▶ **ASSIGNMENT**
Copy the complete listing word for word, but do not carry over any images.

──────────

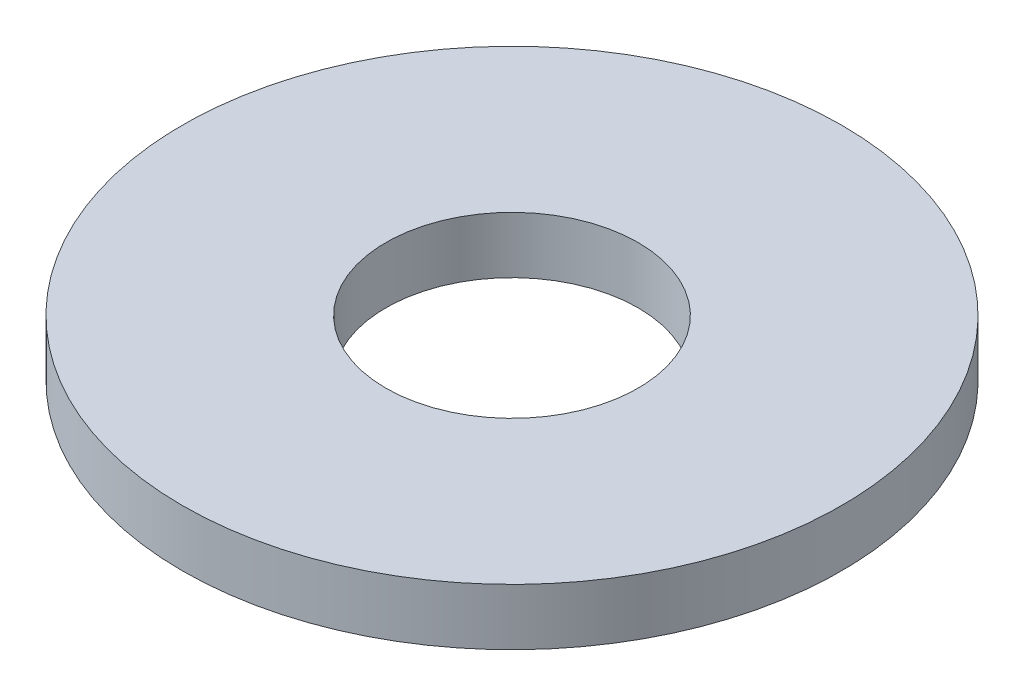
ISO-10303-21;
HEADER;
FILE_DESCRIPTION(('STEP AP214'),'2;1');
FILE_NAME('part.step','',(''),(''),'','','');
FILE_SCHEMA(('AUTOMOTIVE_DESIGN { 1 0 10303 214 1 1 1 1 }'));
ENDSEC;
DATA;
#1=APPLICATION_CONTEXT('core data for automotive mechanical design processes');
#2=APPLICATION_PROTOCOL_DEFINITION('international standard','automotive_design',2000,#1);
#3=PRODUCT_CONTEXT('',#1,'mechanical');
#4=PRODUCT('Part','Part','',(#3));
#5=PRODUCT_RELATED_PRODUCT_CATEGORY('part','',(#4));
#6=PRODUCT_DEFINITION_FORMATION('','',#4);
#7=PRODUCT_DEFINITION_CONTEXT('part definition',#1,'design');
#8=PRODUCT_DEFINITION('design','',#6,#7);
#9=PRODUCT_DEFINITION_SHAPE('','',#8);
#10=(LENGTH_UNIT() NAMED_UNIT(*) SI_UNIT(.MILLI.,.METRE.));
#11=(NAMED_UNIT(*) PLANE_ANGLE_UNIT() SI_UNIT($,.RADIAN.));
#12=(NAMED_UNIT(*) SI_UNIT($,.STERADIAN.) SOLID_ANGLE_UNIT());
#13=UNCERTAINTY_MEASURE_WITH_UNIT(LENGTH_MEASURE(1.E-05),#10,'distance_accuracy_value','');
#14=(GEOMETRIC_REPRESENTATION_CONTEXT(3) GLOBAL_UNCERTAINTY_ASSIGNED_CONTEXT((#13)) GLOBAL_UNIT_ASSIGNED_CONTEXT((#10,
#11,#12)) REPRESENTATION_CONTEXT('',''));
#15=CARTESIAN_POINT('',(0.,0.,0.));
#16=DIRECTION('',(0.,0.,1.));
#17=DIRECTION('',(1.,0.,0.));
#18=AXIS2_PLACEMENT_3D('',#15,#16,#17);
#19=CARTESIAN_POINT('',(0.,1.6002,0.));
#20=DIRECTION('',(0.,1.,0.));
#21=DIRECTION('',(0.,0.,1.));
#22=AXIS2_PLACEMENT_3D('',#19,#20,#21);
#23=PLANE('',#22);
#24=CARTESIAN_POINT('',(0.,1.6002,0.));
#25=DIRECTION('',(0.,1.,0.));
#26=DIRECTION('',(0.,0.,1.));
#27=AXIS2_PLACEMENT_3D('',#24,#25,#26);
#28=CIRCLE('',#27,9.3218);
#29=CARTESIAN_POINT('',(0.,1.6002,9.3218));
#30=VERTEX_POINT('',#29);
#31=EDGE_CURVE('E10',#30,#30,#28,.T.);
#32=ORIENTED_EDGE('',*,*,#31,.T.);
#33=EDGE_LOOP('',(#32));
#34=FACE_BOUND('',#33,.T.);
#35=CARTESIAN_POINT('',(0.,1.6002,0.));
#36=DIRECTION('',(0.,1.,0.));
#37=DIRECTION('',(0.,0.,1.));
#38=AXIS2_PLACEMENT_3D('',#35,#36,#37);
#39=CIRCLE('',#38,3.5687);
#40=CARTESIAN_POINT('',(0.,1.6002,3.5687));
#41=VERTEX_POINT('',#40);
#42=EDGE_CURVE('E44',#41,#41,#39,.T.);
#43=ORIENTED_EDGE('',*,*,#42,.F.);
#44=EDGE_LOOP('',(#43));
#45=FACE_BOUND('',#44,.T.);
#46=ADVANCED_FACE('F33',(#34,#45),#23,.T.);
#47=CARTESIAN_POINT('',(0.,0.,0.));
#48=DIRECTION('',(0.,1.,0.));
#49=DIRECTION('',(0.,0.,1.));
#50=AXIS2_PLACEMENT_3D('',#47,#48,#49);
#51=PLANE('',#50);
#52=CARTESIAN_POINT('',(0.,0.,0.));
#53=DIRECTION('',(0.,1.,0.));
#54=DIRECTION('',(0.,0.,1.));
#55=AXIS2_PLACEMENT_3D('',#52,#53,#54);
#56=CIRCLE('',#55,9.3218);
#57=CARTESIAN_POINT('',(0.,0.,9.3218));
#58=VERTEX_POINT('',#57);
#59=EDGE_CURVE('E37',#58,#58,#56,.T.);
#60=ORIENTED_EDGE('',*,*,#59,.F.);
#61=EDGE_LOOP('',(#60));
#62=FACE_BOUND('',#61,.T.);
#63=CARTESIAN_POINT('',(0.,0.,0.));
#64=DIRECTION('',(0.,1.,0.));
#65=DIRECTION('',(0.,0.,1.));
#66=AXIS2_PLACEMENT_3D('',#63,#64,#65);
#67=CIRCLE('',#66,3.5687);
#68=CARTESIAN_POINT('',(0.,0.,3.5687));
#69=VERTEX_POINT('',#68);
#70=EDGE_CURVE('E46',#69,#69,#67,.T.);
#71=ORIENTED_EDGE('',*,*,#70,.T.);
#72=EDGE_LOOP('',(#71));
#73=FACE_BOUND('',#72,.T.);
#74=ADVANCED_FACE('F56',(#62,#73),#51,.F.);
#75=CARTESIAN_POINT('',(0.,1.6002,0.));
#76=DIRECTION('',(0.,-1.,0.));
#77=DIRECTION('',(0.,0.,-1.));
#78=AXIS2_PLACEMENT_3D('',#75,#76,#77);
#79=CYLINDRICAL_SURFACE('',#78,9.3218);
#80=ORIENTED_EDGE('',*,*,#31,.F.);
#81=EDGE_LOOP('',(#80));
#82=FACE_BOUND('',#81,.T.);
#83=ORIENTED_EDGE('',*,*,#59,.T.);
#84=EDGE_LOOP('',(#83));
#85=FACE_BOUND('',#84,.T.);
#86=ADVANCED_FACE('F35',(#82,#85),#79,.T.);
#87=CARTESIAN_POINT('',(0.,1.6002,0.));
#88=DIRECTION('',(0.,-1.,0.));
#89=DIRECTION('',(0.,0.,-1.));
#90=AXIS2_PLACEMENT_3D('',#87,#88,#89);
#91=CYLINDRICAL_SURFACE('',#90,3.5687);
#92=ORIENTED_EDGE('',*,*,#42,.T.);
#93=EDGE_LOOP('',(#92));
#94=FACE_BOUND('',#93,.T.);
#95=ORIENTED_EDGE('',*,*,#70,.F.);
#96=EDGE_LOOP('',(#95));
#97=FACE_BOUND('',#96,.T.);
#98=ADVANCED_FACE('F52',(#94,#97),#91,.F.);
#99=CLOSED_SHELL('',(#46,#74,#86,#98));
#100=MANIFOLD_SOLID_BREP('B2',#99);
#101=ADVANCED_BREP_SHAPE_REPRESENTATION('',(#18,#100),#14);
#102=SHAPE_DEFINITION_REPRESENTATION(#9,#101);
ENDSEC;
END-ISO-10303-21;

──────────

▶ **PROBLEM SOLUTION**
ISO-10303-21;
HEADER;
FILE_DESCRIPTION(('STEP AP214'),'2;1');
FILE_NAME('part.step','',(''),(''),'','','');
FILE_SCHEMA(('AUTOMOTIVE_DESIGN { 1 0 10303 214 1 1 1 1 }'));
ENDSEC;
DATA;
#1=APPLICATION_CONTEXT('core data for automotive mechanical design processes');
#2=APPLICATION_PROTOCOL_DEFINITION('international standard','automotive_design',2000,#1);
#3=PRODUCT_CONTEXT('',#1,'mechanical');
#4=PRODUCT('Part','Part','',(#3));
#5=PRODUCT_RELATED_PRODUCT_CATEGORY('part','',(#4));
#6=PRODUCT_DEFINITION_FORMATION('','',#4);
#7=PRODUCT_DEFINITION_CONTEXT('part definition',#1,'design');
#8=PRODUCT_DEFINITION('design','',#6,#7);
#9=PRODUCT_DEFINITION_SHAPE('','',#8);
#10=(LENGTH_UNIT() NAMED_UNIT(*) SI_UNIT(.MILLI.,.METRE.));
#11=(NAMED_UNIT(*) PLANE_ANGLE_UNIT() SI_UNIT($,.RADIAN.));
#12=(NAMED_UNIT(*) SI_UNIT($,.STERADIAN.) SOLID_ANGLE_UNIT());
#13=UNCERTAINTY_MEASURE_WITH_UNIT(LENGTH_MEASURE(1.E-05),#10,'distance_accuracy_value','');
#14=(GEOMETRIC_REPRESENTATION_CONTEXT(3) GLOBAL_UNCERTAINTY_ASSIGNED_CONTEXT((#13)) GLOBAL_UNIT_ASSIGNED_CONTEXT((#10,
#11,#12)) REPRESENTATION_CONTEXT('',''));
#15=CARTESIAN_POINT('',(0.,0.,0.));
#16=DIRECTION('',(0.,0.,1.));
#17=DIRECTION('',(1.,0.,0.));
#18=AXIS2_PLACEMENT_3D('',#15,#16,#17);
#19=CARTESIAN_POINT('',(0.,1.6002,0.));
#20=DIRECTION('',(0.,1.,0.));
#21=DIRECTION('',(0.,0.,1.));
#22=AXIS2_PLACEMENT_3D('',#19,#20,#21);
#23=PLANE('',#22);
#24=CARTESIAN_POINT('',(0.,1.6002,0.));
#25=DIRECTION('',(0.,1.,0.));
#26=DIRECTION('',(0.,0.,1.));
#27=AXIS2_PLACEMENT_3D('',#24,#25,#26);
#28=CIRCLE('',#27,9.3218);
#29=CARTESIAN_POINT('',(0.,1.6002,9.3218));
#30=VERTEX_POINT('',#29);
#31=EDGE_CURVE('E10',#30,#30,#28,.T.);
#32=ORIENTED_EDGE('',*,*,#31,.T.);
#33=EDGE_LOOP('',(#32));
#34=FACE_BOUND('',#33,.T.);
#35=CARTESIAN_POINT('',(0.,1.6002,0.));
#36=DIRECTION('',(0.,1.,0.));
#37=DIRECTION('',(0.,0.,1.));
#38=AXIS2_PLACEMENT_3D('',#35,#36,#37);
#39=CIRCLE('',#38,3.5687);
#40=CARTESIAN_POINT('',(0.,1.6002,3.5687));
#41=VERTEX_POINT('',#40);
#42=EDGE_CURVE('E44',#41,#41,#39,.T.);
#43=ORIENTED_EDGE('',*,*,#42,.F.);
#44=EDGE_LOOP('',(#43));
#45=FACE_BOUND('',#44,.T.);
#46=ADVANCED_FACE('F33',(#34,#45),#23,.T.);
#47=CARTESIAN_POINT('',(0.,0.,0.));
#48=DIRECTION('',(0.,1.,0.));
#49=DIRECTION('',(0.,0.,1.));
#50=AXIS2_PLACEMENT_3D('',#47,#48,#49);
#51=PLANE('',#50);
#52=CARTESIAN_POINT('',(0.,0.,0.));
#53=DIRECTION('',(0.,1.,0.));
#54=DIRECTION('',(0.,0.,1.));
#55=AXIS2_PLACEMENT_3D('',#52,#53,#54);
#56=CIRCLE('',#55,9.3218);
#57=CARTESIAN_POINT('',(0.,0.,9.3218));
#58=VERTEX_POINT('',#57);
#59=EDGE_CURVE('E37',#58,#58,#56,.T.);
#60=ORIENTED_EDGE('',*,*,#59,.F.);
#61=EDGE_LOOP('',(#60));
#62=FACE_BOUND('',#61,.T.);
#63=CARTESIAN_POINT('',(0.,0.,0.));
#64=DIRECTION('',(0.,1.,0.));
#65=DIRECTION('',(0.,0.,1.));
#66=AXIS2_PLACEMENT_3D('',#63,#64,#65);
#67=CIRCLE('',#66,3.5687);
#68=CARTESIAN_POINT('',(0.,0.,3.5687));
#69=VERTEX_POINT('',#68);
#70=EDGE_CURVE('E46',#69,#69,#67,.T.);
#71=ORIENTED_EDGE('',*,*,#70,.T.);
#72=EDGE_LOOP('',(#71));
#73=FACE_BOUND('',#72,.T.);
#74=ADVANCED_FACE('F56',(#62,#73),#51,.F.);
#75=CARTESIAN_POINT('',(0.,1.6002,0.));
#76=DIRECTION('',(0.,-1.,0.));
#77=DIRECTION('',(0.,0.,-1.));
#78=AXIS2_PLACEMENT_3D('',#75,#76,#77);
#79=CYLINDRICAL_SURFACE('',#78,9.3218);
#80=ORIENTED_EDGE('',*,*,#31,.F.);
#81=EDGE_LOOP('',(#80));
#82=FACE_BOUND('',#81,.T.);
#83=ORIENTED_EDGE('',*,*,#59,.T.);
#84=EDGE_LOOP('',(#83));
#85=FACE_BOUND('',#84,.T.);
#86=ADVANCED_FACE('F35',(#82,#85),#79,.T.);
#87=CARTESIAN_POINT('',(0.,1.6002,0.));
#88=DIRECTION('',(0.,-1.,0.));
#89=DIRECTION('',(0.,0.,-1.));
#90=AXIS2_PLACEMENT_3D('',#87,#88,#89);
#91=CYLINDRICAL_SURFACE('',#90,3.5687);
#92=ORIENTED_EDGE('',*,*,#42,.T.);
#93=EDGE_LOOP('',(#92));
#94=FACE_BOUND('',#93,.T.);
#95=ORIENTED_EDGE('',*,*,#70,.F.);
#96=EDGE_LOOP('',(#95));
#97=FACE_BOUND('',#96,.T.);
#98=ADVANCED_FACE('F52',(#94,#97),#91,.F.);
#99=CLOSED_SHELL('',(#46,#74,#86,#98));
#100=MANIFOLD_SOLID_BREP('B2',#99);
#101=ADVANCED_BREP_SHAPE_REPRESENTATION('',(#18,#100),#14);
#102=SHAPE_DEFINITION_REPRESENTATION(#9,#101);
ENDSEC;
END-ISO-10303-21;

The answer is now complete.